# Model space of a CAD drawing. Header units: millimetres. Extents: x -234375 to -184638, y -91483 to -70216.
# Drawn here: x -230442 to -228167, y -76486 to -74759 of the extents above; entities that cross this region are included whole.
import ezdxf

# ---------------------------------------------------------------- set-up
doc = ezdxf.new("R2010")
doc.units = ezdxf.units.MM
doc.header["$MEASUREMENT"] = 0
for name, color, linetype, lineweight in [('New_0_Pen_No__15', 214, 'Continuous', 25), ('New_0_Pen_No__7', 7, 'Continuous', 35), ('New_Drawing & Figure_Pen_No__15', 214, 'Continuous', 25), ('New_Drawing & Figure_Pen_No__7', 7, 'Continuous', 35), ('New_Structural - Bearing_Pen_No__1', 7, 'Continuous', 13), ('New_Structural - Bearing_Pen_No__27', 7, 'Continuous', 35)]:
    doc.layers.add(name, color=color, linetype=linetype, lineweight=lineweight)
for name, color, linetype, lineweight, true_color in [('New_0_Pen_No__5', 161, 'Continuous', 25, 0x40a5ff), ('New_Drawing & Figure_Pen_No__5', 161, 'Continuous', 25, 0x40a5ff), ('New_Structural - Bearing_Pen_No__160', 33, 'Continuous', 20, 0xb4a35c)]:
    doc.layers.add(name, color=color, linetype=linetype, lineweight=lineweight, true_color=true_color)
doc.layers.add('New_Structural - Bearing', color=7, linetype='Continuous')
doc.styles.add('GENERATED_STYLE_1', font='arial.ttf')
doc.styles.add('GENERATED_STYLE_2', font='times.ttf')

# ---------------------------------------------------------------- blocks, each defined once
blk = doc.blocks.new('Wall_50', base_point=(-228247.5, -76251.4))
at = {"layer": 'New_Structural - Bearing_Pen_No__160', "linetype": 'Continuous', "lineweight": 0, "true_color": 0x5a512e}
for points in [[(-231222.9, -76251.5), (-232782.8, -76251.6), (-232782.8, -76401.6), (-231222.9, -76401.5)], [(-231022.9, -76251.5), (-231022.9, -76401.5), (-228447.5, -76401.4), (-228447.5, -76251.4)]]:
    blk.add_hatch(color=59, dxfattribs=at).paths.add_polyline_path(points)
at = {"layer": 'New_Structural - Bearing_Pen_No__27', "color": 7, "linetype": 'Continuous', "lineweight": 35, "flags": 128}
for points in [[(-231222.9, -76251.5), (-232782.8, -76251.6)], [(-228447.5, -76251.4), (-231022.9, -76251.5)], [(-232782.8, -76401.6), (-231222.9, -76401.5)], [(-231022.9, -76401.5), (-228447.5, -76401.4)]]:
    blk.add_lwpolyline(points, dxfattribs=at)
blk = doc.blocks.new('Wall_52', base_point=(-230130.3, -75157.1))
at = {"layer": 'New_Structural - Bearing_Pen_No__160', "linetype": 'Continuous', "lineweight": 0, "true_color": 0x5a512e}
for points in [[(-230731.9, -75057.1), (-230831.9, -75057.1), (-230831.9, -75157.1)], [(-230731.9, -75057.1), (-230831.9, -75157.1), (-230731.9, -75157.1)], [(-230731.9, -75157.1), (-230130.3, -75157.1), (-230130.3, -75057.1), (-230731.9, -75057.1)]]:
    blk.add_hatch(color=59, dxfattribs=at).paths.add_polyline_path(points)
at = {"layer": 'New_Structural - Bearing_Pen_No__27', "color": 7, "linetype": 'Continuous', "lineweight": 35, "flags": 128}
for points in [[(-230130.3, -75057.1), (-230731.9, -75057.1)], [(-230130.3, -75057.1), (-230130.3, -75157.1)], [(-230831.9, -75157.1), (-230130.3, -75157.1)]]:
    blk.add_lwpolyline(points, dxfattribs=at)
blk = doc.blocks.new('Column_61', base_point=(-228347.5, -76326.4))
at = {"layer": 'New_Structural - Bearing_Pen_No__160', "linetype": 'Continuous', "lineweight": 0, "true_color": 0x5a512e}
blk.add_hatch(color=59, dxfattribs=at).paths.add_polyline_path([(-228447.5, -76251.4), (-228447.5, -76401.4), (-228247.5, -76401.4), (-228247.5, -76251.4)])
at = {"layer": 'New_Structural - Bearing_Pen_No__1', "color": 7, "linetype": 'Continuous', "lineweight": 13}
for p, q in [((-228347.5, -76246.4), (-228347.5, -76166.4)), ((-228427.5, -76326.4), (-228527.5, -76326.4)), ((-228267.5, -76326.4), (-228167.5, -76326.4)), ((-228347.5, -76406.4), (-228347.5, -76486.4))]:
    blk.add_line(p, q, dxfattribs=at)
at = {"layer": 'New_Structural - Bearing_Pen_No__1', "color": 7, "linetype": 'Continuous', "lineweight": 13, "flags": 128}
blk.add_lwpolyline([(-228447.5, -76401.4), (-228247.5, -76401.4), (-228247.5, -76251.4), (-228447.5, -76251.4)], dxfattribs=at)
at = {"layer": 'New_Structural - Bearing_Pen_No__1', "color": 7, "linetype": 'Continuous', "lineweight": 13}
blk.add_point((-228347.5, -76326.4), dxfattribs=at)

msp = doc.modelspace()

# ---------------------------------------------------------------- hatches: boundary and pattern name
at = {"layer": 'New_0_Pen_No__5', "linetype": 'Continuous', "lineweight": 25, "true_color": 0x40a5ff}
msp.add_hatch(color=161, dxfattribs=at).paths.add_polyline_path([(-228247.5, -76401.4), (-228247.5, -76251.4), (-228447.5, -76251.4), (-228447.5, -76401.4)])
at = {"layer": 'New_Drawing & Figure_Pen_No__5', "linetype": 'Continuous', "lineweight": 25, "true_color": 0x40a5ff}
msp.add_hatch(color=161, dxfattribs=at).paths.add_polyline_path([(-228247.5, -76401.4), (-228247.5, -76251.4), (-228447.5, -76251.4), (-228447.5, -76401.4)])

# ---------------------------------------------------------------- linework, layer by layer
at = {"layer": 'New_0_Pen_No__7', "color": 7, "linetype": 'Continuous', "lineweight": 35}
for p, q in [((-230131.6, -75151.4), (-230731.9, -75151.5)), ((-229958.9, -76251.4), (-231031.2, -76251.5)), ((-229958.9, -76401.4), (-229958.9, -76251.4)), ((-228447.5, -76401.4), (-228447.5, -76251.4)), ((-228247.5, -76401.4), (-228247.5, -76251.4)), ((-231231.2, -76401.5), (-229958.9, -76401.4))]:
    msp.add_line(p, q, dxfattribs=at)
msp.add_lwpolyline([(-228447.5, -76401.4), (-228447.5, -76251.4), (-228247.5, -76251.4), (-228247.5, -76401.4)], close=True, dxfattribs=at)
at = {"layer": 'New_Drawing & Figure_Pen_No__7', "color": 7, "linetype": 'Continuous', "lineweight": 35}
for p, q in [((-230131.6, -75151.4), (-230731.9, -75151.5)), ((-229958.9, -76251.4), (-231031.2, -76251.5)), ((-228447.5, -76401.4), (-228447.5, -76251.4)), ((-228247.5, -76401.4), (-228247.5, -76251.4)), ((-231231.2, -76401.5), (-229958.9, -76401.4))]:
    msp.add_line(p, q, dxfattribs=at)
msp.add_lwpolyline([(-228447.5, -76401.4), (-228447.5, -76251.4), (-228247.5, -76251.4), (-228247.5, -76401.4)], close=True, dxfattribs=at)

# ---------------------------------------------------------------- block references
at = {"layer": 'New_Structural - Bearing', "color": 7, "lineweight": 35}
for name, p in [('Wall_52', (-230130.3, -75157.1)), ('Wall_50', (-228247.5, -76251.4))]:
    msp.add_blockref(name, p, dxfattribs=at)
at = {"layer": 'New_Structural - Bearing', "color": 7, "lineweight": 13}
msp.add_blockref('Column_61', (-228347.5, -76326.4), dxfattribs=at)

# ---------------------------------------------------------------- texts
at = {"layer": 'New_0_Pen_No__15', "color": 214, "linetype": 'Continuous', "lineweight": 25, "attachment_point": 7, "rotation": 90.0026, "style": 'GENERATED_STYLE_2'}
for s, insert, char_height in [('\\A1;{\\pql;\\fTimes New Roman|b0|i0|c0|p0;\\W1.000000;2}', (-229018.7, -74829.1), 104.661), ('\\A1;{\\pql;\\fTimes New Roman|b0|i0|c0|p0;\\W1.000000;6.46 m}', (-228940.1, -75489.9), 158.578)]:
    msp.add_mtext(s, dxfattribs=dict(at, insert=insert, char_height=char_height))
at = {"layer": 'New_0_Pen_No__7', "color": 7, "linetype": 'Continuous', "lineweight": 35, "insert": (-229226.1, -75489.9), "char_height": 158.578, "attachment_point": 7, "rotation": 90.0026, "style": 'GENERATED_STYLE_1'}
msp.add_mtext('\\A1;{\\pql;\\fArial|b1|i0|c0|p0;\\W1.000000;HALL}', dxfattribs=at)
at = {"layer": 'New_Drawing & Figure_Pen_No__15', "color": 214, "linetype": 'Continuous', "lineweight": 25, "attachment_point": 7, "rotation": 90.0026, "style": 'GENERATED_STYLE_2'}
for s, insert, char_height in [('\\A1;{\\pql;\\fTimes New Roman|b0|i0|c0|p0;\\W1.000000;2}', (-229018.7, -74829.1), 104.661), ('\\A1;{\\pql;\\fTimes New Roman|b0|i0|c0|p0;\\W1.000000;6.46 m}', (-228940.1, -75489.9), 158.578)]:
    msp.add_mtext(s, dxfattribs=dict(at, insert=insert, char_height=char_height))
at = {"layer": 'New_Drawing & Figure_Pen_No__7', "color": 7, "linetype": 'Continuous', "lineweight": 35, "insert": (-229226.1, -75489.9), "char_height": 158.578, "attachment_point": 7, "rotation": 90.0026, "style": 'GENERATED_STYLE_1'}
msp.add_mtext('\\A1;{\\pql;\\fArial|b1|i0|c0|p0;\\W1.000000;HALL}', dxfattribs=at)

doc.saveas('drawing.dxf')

* The problem *
Could you return all lines from the records that include the word "styles"?

* Your response *
doc.styles.add('GENERATED_STYLE_1', font='arial.ttf')
doc.styles.add('GENERATED_STYLE_2', font='times.ttf')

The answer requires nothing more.